The depth of commitment that Karolina brought to this project became clear when she applied for and was awarded an Adel Mahmoud Global Health Scholarship to have an “up front and personal” look at cholera in hospitals in Bangladesh and India. This was independent of the chemistry and biology she was doing, but obviously related. Everyone in our group followed her adventures that August as she toured and talked with people directly involved with treating this disease, and it was a special experience for all of us, if not as direct as for Karolina.

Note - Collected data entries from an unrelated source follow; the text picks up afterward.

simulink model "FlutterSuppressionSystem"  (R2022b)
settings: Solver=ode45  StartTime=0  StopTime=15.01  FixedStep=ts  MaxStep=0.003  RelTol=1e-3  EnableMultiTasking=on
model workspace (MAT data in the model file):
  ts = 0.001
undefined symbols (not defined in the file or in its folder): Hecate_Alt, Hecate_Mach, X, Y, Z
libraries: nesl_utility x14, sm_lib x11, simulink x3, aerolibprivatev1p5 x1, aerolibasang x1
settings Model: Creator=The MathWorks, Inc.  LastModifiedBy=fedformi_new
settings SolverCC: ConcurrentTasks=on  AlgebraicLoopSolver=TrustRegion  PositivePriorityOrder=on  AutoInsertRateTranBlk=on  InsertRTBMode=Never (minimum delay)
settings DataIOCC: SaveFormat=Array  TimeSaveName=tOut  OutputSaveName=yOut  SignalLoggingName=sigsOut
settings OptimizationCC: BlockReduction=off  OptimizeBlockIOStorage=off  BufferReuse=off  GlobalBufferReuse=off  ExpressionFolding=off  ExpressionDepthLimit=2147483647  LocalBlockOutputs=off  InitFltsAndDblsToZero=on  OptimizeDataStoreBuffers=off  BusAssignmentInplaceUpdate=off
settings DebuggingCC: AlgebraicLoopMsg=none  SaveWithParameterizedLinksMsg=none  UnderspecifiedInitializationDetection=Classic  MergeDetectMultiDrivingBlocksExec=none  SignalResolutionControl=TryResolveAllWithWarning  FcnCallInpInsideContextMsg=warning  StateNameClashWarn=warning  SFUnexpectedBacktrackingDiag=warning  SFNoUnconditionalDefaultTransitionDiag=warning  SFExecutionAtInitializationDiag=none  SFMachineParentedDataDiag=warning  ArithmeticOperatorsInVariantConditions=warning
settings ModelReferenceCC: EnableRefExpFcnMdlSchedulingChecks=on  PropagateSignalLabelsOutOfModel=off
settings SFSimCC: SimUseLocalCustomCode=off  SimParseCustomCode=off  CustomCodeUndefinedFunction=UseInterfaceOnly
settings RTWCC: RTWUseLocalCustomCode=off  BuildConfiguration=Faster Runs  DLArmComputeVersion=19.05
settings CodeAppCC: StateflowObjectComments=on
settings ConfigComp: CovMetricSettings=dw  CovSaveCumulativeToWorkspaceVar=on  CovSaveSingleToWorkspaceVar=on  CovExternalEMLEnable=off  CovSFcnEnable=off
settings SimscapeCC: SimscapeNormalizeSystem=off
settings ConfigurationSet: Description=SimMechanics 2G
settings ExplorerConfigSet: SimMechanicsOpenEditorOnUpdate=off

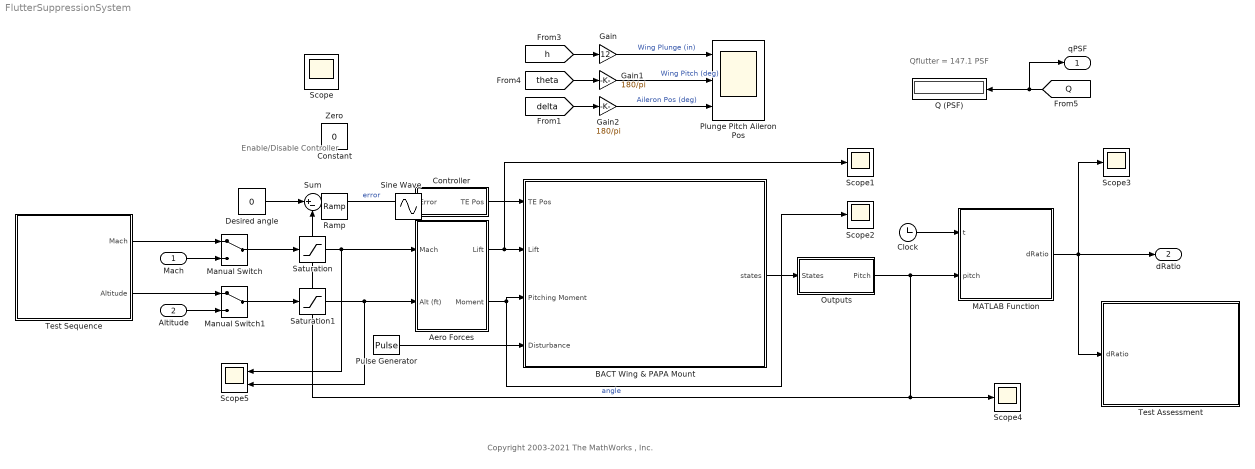
== system FlutterSuppressionSystem ==
  note: Copyright 2003-2021 The MathWorks , Inc.
  note: Enable/Disable Controller
  note: Qflutter = 147.1 PSF
  Mach : Inport
  Altitude : Inport  Port=2
  Aero Forces : Subsystem
  BACT Wing & PAPA Mount : Subsystem  mask{m=6.08, iyy=2.8, Kp=2686.0, zetaP=.0014*2*6.08*21.01, Kt=3000.0, zetaT=.001*2*2.8*32.71, xcg=-.175/100*1.33}
      mask prompts: m "Mass (slug)"; iyy "Inertia (slug*ft^2)"; Kp "PAPA Plunge Stiffness (lb/ft)"; zetaP "PAPA Plunge Damping"; Kt "PAPA Pitch Stiffness (ft-lb)"; zetaT "PAPA Pitch Damping"; xcg "CG Distance from Elastic Axis (+aft)"
      mask Display:
      | image('BACTwing.jpg')
      | port_label('input',1,'TE Position (deg)')
      | port_label('input',2,'Lift')
      | port_label('input',3,'Pitching Moment')
      | port_label('input',4,'Initial Disturbance')
      | port_label('output',1,'States')
  Clock : Clock
  Controller : Subsystem
  Desired angle : Constant  Value=0
  Gain : Gain  Gain=12
  Gain1 : Gain  Gain=180/pi
  Gain2 : Gain  Gain=180/pi
  MATLAB Function : MATLAB Function  TreatAsAtomicUnit=on
  Manual Switch : ManualSwitch
  Manual Switch1 : ManualSwitch
  Outputs : Subsystem
  Plunge Pitch Aileron Pos : Scope  NumInputPorts=3
  Pulse Generator : DiscretePulseGenerator  PulseType=Time based  Amplitude=-10+3*rand  Period=30  PulseWidth=0.05  PhaseDelay=2+3*rand
  Q (PSF) : Display
  Saturation : Saturate  UpperLimit=1  LowerLimit=0.1
  Saturation1 : Saturate  UpperLimit=51000  LowerLimit=1000
  Scope{,1..4} (5 alike) : Scope
  Scope5 : Scope  NumInputPorts=2
  Sum : Sum  Inputs=|+-
  Test Assessment : Test Sequence  TreatAsAtomicUnit=on
  Test Sequence : Test Sequence  TreatAsAtomicUnit=on
  qPSF : Outport  VectorParamsAs1DForOutWhenUnconnected=off
  dRatio : Outport  Port=2
  Constant : Constant  IOType=siggen  Value=-1
  Ramp : simulink/Sources/Ramp  IOType=siggen  slope=1  start=0  InitialOutput=0
  Sine Wave : Sin  IOType=siggen  Amplitude=10  Frequency=5  Phase=pi/2  SampleTime=0
  Zero : Constant  IOType=siggen  Value=0
  wires:
  Manual Switch1/1 -> Saturation1/1
  Manual Switch/1 -> Saturation/1
  BACT Wing & PAPA Mount/1(states) -> Outputs/1(States)
  [Q] -> Q (PSF)/1, qPSF/1
  [h] -> Gain/1
  [theta] -> Gain1/1
  Gain/1 -> Plunge Pitch Aileron Pos/1  "Wing Plunge (in)"
  Gain1/1 -> Plunge Pitch Aileron Pos/2  "Wing Pitch (deg)"
  Sum/1 -> Controller/1(Error)  "error"
  Outputs/1(Pitch) -> MATLAB Function/2(pitch), Sum/2, Scope4/1  "angle"
  Controller/1(TE Pos) -> BACT Wing & PAPA Mount/1(TE Pos)
  [delta] -> Gain2/1
  Gain2/1 -> Plunge Pitch Aileron Pos/3  "Aileron Pos (deg)"
  Desired angle/1 -> Sum/1
  Pulse Generator/1 -> BACT Wing & PAPA Mount/4(Disturbance)
  Aero Forces/1(Lift) -> Scope1/1, BACT Wing & PAPA Mount/2(Lift)
  Aero Forces/2(Moment) -> BACT Wing & PAPA Mount/3(Pitching Moment), Scope2/1
  Clock/1 -> MATLAB Function/1(t)
  Test Sequence/1(Mach) -> Manual Switch/1
  Mach/1 -> Manual Switch/2
  Test Sequence/2(Altitude) -> Manual Switch1/1
  Altitude/1 -> Manual Switch1/2
  MATLAB Function/1(dRatio) -> Scope3/1, dRatio/1, Test Assessment/1(dRatio)
  Saturation/1 -> Scope5/1, Aero Forces/1(Mach)
  Saturation1/1 -> Scope5/2, Aero Forces/2(Alt (ft))

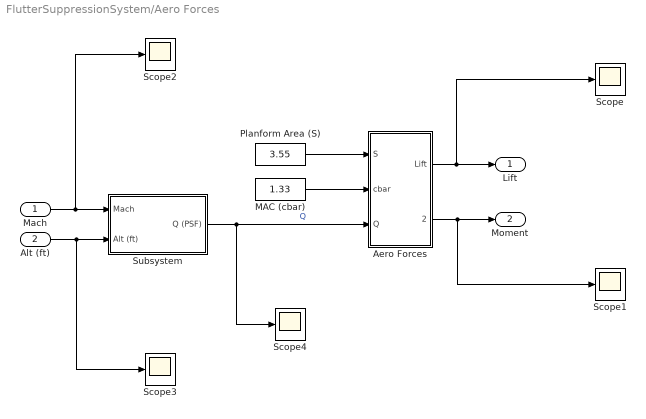
== system FlutterSuppressionSystem/Aero Forces ==
  Mach : Inport
  Alt (ft) : Inport  Port=2
  Aero Forces : Subsystem
  MAC (cbar) : Constant  Value=1.33
  Planform Area (S) : Constant  Value=3.55
  Scope{,1..4} (5 alike) : Scope
  Subsystem : Subsystem
  Lift : Outport  VectorParamsAs1DForOutWhenUnconnected=off
  Moment : Outport  Port=2  VectorParamsAs1DForOutWhenUnconnected=off
  wires:
  MAC (cbar)/1 -> Aero Forces/2(cbar)
  Planform Area (S)/1 -> Aero Forces/1(S)
  Subsystem/1(Q (PSF)) -> Scope4/1, Aero Forces/3(Q)  "Q"
  Aero Forces/1(Lift) -> Scope/1, Lift/1
  Mach/1 -> Scope2/1, Subsystem/1(Mach)
  Aero Forces/2(Moment) -> Scope1/1, Moment/1
  Alt (ft)/1 -> Scope3/1, Subsystem/2(Alt (ft))

== system FlutterSuppressionSystem/BACT Wing & PAPA Mount ==
  TE Pos : Inport
  Lift : Inport  Port=2
  Pitching Moment : Inport  Port=3
  Disturbance : Inport  Port=4
  Bus Creator : BusCreator  Inputs=6
  Mux1 : Mux  Inputs=6
  Sum : Sum  Inputs=++|
  Trailing Edge : Subsystem
  Wing/PAPA Mount : Subsystem
  states : Outport  VectorParamsAs1DForOutWhenUnconnected=off
  wires:
  Bus Creator/1 -> states/1
  Mux1/1 -> Wing/PAPA Mount/1(Aerodynamic Forces)
  Lift/1 -> Mux1/5
  Pitching Moment/1 -> Sum/2
  Sum/1 -> Mux1/3
  Wing/PAPA Mount/1(h) -> Bus Creator/1
  Wing/PAPA Mount/2(hDot) -> Bus Creator/2
  Wing/PAPA Mount/3(theta) -> Bus Creator/3
  Wing/PAPA Mount/4(thetaDot) -> Bus Creator/4
  Trailing Edge/1(delta) -> Bus Creator/5
  Trailing Edge/2(deltaDot) -> Bus Creator/6
  TE Pos/1 -> Trailing Edge/1(TE Pos)
  Disturbance/1 -> Sum/1
  connections:
  Trailing Edge/LConn1 -- Wing/PAPA Mount/RConn1

== system FlutterSuppressionSystem/Controller ==
  Error : Inport
  Constant : Constant
  Enabled Subsystem : Subsystem  TreatAsAtomicUnit=on
  Physical Constraints : Subsystem  mask(Physical Constraint Block){satLimit=15, rateLimit=15/.05*2}
      mask prompts: satLimit "Maximum Deflection (+/- n deg)"; rateLimit "Maximum Deflection Rate (+/- n deg/sec)"
      mask help:
      | In place of an actual actuator model, this block enforces the following constraints:
      | 1 - Maximum/Minimum deflection angle in degrees.
      | 2 - Maximum deflection rate in degrees/sec.
  on/off : Gain  Gain=1.0
  TE Pos : Outport  VectorParamsAs1DForOutWhenUnconnected=off
  wires:
  Enabled Subsystem/1(teCMD) -> Physical Constraints/1(command)  "TE command"
  Error/1 -> Enabled Subsystem/1(error)
  Physical Constraints/1(actual) -> TE Pos/1
  on/off/1 -> Enabled Subsystem/Enable
  Constant/1 -> on/off/1

== system FlutterSuppressionSystem/Outputs ==
  States : Inport
  Bus Selector : BusSelector  OutputSignals=h,hDot,theta,thetaDot,delta,deltaDot
  Memory : Memory
  Pitch : Outport  VectorParamsAs1DForOutWhenUnconnected=off
  tag scope: delta=global, deltaDot=global, h=global, hDot=global, theta=global, thetaDot=global
  wires:
  Bus Selector/1 -> [h]  "<h>"
  Bus Selector/2 -> [hDot]  "<hDot>"
  Bus Selector/3 -> [theta], Memory/1  "<theta>"
  Bus Selector/4 -> [thetaDot]  "<thetaDot>"
  Bus Selector/5 -> [delta]  "<delta>"
  Bus Selector/6 -> [deltaDot]  "<deltaDot>"
  States/1 -> Bus Selector/1
  Memory/1 -> Pitch/1

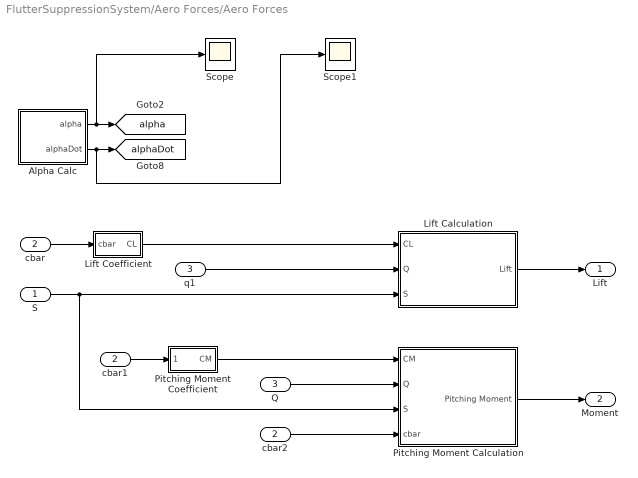
== system FlutterSuppressionSystem/Aero Forces/Aero Forces ==
  S : Inport
  cbar : Inport  Port=2
  Q : Inport  Port=3
  Alpha Calc : Subsystem
  Lift Coefficient : Subsystem
  Lift Calculation : Subsystem
  Pitching Moment Coefficient : Subsystem
  Pitching Moment Calculation : Subsystem
  Scope : Scope
  Scope1 : Scope
  cbar1 : InportShadow  Port=2
  cbar2 : InportShadow  Port=2
  q1 : InportShadow  Port=3
  Lift : Outport  VectorParamsAs1DForOutWhenUnconnected=off
  Moment : Outport  Port=2  VectorParamsAs1DForOutWhenUnconnected=off
  tag scope: alpha=global, alphaDot=global
  wires:
  Lift Coefficient/1(CL) -> Lift Calculation/1(CL)
  q1/1 -> Lift Calculation/2(Q)
  Pitching Moment Coefficient/1(CM) -> Pitching Moment Calculation/1(CM)
  S/1 -> Pitching Moment Calculation/3(S), Lift Calculation/3(S)
  Lift Calculation/1(Lift) -> Lift/1
  Pitching Moment Calculation/1(Pitching Moment) -> Moment/1
  Q/1 -> Pitching Moment Calculation/2(Q)
  cbar/1 -> Lift Coefficient/1(cbar)
  cbar1/1 -> Pitching Moment Coefficient/1(cbar)
  cbar2/1 -> Pitching Moment Calculation/4(cbar)
  Alpha Calc/2(alphaDot) -> Scope1/1, [alphaDot]
  Alpha Calc/1(alpha) -> Scope/1, [alpha]

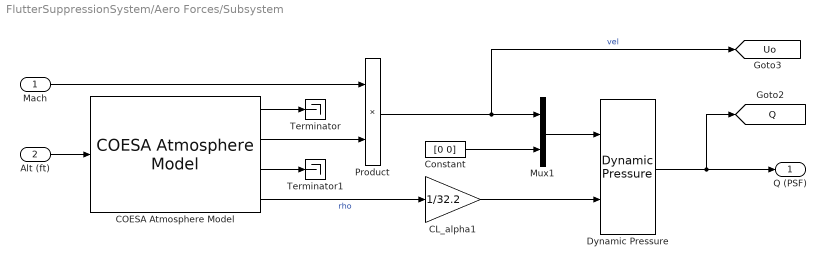
== system FlutterSuppressionSystem/Aero Forces/Subsystem ==
  Mach : Inport
  Alt (ft) : Inport  Port=2
  CL_alpha1 : Gain  Gain=1/32.2  SaturateOnIntegerOverflow=on  OutDataTypeStr=Inherit: Same as input  ParamDataTypeStr=Inherit: Same as input
  COESA Atmosphere Model : aerolibprivatev1p5/COESA Atmosphere Model  units=English
  Constant : Constant  Value=[0 0]
  Dynamic Pressure : aerolibasang/Dynamic Pressure
  Mux1 : Mux  Inputs=2
  Product : Product  SaturateOnIntegerOverflow=on  OutDataTypeStr=Inherit: Same as first input
  Terminator : Terminator
  Terminator1 : Terminator
  Q (PSF) : Outport  VectorParamsAs1DForOutWhenUnconnected=off
  tag scope: Q=global, Uo=global
  wires:
  COESA Atmosphere Model/1 -> Terminator/1
  COESA Atmosphere Model/3 -> Terminator1/1
  COESA Atmosphere Model/2 -> Product/2
  COESA Atmosphere Model/4 -> CL_alpha1/1  "rho"
  Product/1 -> [Uo], Mux1/1  "vel"
  Alt (ft)/1 -> COESA Atmosphere Model/1
  Constant/1 -> Mux1/2
  Mach/1 -> Product/1
  Mux1/1 -> Dynamic Pressure/1
  CL_alpha1/1 -> Dynamic Pressure/2
  Dynamic Pressure/1 -> [Q], Q (PSF)/1

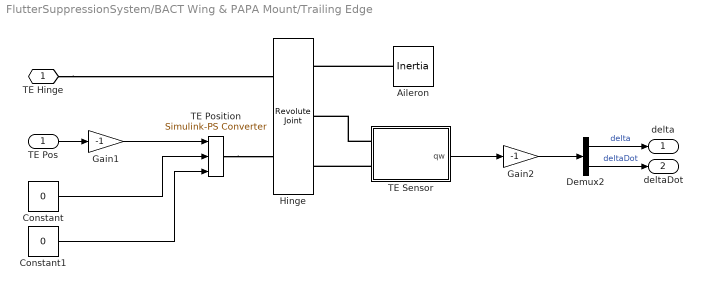
== system FlutterSuppressionSystem/BACT Wing & PAPA Mount/Trailing Edge ==
  TE Pos : Inport
  Aileron : sm_lib/Body Elements/Inertia  InertiaType=Custom  Mass=(1e-9)*14.5939  MassUnits=kg  CenterOfMass=[-8 0 0]  CenterOfMassUnits=in  MomentsOfInertia=([1 1 1]*1e-9)*1.35581795  MomentsOfInertiaUnits=kg*m^2  ProductsOfInertia=[0 0 0]  ProductsOfInertiaUnits=kg*m^2  GraphicType=Marker  MarkerShape=Inertia  MarkerSize=20  GraphicVisPropType=SimpleVisualProperties  GraphicDiffuseColor=[0.5 0.5 0.5]  GraphicSpecularColor=[0.5 0.5 0.5 1.0]  GraphicAmbientColor=[0.15 0.15 0.15 1.0]  GraphicEmissiveColor=[0.0 0.0 0.0 1.0]  GraphicShininess=75  GraphicOpacity=1.0
  Constant : Constant  Value=0
  Constant1 : Constant  Value=0
  Demux2 : Demux  Outputs=2
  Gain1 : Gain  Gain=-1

She polished up her experimental work and began putting together her thesis. Typically, the thesis can be quite thin as the critical part of a chemistry project is carrying out the experimental work and not the expression of it. The experimental work can be described with figures and presentation of factual information in a fairly standard format. Karolina did this, but also took the opportunity to weave together a complete story, from the chemistry and biology that she did in the lab to the descriptions of the human health issues that she observed directly. It was nearly at the level of completeness of a Ph.D. thesis, and will certainly be the basis for a significant publication in the original literature.

Karolina was an exceptional student and her thesis was exceptionally successful. It was the result of her own initiative, dedication, and intelligence, but it also depended on a community of people around her, her advisers, co-workers, and sponsors. That team feeling is common in chemistry and biology at Princeton, for all of our students to take advantage of.